#### WHAT NEEDS TO BE DONE:
Give an exact copy of the lines from the beginning of the listing below to the "doc.layers.add('GCD', color=7, linetype='CONTINUOUS')" line, inclusive.

#### INFORMATION:

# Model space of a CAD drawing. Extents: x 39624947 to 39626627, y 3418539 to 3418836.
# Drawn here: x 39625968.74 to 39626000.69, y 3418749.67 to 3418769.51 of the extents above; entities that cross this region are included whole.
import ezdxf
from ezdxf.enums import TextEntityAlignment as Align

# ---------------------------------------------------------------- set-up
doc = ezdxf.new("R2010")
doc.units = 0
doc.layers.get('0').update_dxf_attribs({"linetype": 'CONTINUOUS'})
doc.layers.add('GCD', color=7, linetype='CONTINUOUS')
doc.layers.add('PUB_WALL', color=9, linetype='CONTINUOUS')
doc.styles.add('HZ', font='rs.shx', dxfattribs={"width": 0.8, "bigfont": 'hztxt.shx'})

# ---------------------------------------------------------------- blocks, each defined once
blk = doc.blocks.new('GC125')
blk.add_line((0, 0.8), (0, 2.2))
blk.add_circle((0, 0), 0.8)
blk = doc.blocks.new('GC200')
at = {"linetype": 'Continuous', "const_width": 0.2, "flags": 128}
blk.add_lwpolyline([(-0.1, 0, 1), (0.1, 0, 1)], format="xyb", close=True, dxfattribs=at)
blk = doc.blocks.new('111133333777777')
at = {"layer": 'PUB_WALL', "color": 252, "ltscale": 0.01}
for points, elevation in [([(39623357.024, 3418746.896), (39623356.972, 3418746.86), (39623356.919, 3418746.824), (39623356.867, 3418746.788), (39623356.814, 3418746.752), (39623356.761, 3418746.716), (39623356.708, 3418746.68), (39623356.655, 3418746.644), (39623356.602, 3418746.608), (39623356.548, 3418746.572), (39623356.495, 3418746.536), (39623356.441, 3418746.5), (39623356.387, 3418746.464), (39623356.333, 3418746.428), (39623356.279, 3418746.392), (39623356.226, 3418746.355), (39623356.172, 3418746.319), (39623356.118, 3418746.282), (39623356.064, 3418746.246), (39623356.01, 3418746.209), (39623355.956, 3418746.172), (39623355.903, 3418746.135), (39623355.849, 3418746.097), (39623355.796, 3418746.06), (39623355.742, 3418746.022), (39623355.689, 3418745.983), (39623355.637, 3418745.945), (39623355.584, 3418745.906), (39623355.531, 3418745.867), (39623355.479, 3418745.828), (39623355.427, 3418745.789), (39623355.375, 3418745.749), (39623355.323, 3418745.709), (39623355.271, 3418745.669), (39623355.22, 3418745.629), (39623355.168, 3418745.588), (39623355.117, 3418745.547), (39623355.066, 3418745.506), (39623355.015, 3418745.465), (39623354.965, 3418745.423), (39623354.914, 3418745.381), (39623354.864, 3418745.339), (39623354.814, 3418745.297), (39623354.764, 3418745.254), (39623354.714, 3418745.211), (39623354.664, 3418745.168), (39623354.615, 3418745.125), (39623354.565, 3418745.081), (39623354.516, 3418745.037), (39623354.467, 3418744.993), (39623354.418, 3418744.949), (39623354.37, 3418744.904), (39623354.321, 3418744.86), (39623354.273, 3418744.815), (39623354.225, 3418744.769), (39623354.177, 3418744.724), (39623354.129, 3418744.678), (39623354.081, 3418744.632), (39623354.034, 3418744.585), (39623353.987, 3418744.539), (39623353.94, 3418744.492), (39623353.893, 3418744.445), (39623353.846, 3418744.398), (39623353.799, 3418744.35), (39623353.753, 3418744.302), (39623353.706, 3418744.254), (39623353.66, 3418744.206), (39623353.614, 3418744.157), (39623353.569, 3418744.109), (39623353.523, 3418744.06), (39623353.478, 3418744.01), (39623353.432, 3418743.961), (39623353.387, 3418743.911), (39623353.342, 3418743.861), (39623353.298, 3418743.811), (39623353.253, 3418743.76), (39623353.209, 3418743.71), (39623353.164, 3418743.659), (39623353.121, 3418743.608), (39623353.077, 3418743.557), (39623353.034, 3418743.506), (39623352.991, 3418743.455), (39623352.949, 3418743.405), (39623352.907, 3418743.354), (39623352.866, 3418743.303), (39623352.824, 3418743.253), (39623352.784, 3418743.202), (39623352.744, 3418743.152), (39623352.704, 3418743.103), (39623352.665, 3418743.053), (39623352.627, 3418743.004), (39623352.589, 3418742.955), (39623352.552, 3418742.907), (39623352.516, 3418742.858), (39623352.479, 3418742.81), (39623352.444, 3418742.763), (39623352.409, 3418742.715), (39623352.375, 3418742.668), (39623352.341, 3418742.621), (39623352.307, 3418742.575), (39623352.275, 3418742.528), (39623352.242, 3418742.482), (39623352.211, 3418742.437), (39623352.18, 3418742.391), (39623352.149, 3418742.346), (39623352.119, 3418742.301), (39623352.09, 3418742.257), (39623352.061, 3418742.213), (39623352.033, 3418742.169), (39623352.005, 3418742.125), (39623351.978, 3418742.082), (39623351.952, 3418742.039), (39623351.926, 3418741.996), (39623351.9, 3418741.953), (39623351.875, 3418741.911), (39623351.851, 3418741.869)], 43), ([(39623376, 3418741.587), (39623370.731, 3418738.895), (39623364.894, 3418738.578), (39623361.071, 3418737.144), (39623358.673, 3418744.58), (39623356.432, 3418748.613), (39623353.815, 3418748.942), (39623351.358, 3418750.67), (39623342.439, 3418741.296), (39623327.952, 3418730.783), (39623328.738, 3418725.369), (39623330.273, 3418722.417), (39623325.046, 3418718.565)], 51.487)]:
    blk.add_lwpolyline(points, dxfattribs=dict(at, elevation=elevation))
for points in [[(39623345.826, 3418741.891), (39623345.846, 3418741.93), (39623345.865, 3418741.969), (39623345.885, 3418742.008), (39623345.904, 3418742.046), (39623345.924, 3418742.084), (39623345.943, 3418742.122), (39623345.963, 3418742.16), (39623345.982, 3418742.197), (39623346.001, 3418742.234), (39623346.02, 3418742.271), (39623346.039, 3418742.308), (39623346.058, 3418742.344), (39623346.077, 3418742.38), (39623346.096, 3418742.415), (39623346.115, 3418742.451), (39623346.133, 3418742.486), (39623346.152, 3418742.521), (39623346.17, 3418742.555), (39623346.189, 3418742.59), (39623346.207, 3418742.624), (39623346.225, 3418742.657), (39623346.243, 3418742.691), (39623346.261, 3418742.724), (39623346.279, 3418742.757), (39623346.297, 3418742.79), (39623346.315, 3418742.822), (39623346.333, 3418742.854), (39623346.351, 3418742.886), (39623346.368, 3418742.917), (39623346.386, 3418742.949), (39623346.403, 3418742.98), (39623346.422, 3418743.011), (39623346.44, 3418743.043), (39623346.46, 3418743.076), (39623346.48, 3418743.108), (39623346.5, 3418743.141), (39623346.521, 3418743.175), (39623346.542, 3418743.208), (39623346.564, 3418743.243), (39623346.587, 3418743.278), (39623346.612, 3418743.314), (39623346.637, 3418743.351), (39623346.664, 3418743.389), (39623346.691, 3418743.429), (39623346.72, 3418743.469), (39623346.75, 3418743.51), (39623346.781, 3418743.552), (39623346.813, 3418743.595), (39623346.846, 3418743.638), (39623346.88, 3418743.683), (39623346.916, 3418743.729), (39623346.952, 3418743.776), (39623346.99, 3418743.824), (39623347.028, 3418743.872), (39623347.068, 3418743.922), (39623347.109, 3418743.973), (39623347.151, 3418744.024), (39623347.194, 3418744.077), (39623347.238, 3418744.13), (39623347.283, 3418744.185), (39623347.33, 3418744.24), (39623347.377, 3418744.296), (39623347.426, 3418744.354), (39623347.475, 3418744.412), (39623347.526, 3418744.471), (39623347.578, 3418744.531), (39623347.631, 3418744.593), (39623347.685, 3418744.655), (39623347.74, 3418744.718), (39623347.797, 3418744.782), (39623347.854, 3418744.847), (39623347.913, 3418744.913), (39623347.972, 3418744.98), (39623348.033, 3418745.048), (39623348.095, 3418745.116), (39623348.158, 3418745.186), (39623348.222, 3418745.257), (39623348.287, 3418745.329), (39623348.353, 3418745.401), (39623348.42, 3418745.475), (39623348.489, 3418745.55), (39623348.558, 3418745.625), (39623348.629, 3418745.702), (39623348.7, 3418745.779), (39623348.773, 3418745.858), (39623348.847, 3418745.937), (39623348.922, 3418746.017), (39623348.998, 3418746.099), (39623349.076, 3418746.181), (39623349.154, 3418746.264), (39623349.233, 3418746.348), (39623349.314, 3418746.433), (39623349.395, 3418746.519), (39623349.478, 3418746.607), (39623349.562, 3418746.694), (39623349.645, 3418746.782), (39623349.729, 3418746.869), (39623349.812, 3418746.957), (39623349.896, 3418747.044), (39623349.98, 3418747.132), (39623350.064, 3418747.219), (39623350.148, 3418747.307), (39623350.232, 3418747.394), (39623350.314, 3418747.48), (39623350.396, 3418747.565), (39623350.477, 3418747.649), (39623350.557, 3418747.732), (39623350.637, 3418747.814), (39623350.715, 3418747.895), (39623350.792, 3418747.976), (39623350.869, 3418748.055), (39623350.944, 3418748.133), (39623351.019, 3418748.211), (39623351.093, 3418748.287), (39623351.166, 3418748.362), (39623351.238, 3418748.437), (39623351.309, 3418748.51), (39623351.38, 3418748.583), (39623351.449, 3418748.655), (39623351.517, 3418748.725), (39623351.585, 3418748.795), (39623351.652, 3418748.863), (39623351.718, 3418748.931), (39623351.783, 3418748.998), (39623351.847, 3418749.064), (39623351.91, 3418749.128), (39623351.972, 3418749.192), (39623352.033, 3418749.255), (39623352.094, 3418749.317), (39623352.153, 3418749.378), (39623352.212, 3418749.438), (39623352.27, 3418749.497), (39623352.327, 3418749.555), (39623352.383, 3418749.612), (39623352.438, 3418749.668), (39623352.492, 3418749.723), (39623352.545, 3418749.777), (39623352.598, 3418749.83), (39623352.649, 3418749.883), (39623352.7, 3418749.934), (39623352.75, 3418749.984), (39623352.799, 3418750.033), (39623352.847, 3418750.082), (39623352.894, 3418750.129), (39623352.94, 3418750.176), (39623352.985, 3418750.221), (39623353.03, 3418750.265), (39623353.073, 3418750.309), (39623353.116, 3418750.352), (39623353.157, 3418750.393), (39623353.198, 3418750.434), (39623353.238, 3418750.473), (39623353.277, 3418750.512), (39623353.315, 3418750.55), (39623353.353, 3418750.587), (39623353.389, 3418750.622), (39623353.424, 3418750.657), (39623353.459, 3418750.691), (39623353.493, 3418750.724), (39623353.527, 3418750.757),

#### SOLVED EXERCISE:
# Model space of a CAD drawing. Extents: x 39624947 to 39626627, y 3418539 to 3418836.
# Drawn here: x 39625968.74 to 39626000.69, y 3418749.67 to 3418769.51 of the extents above; entities that cross this region are included whole.
import ezdxf
from ezdxf.enums import TextEntityAlignment as Align

# ---------------------------------------------------------------- set-up
doc = ezdxf.new("R2010")
doc.units = 0
doc.layers.get('0').update_dxf_attribs({"linetype": 'CONTINUOUS'})
doc.layers.add('GCD', color=7, linetype='CONTINUOUS')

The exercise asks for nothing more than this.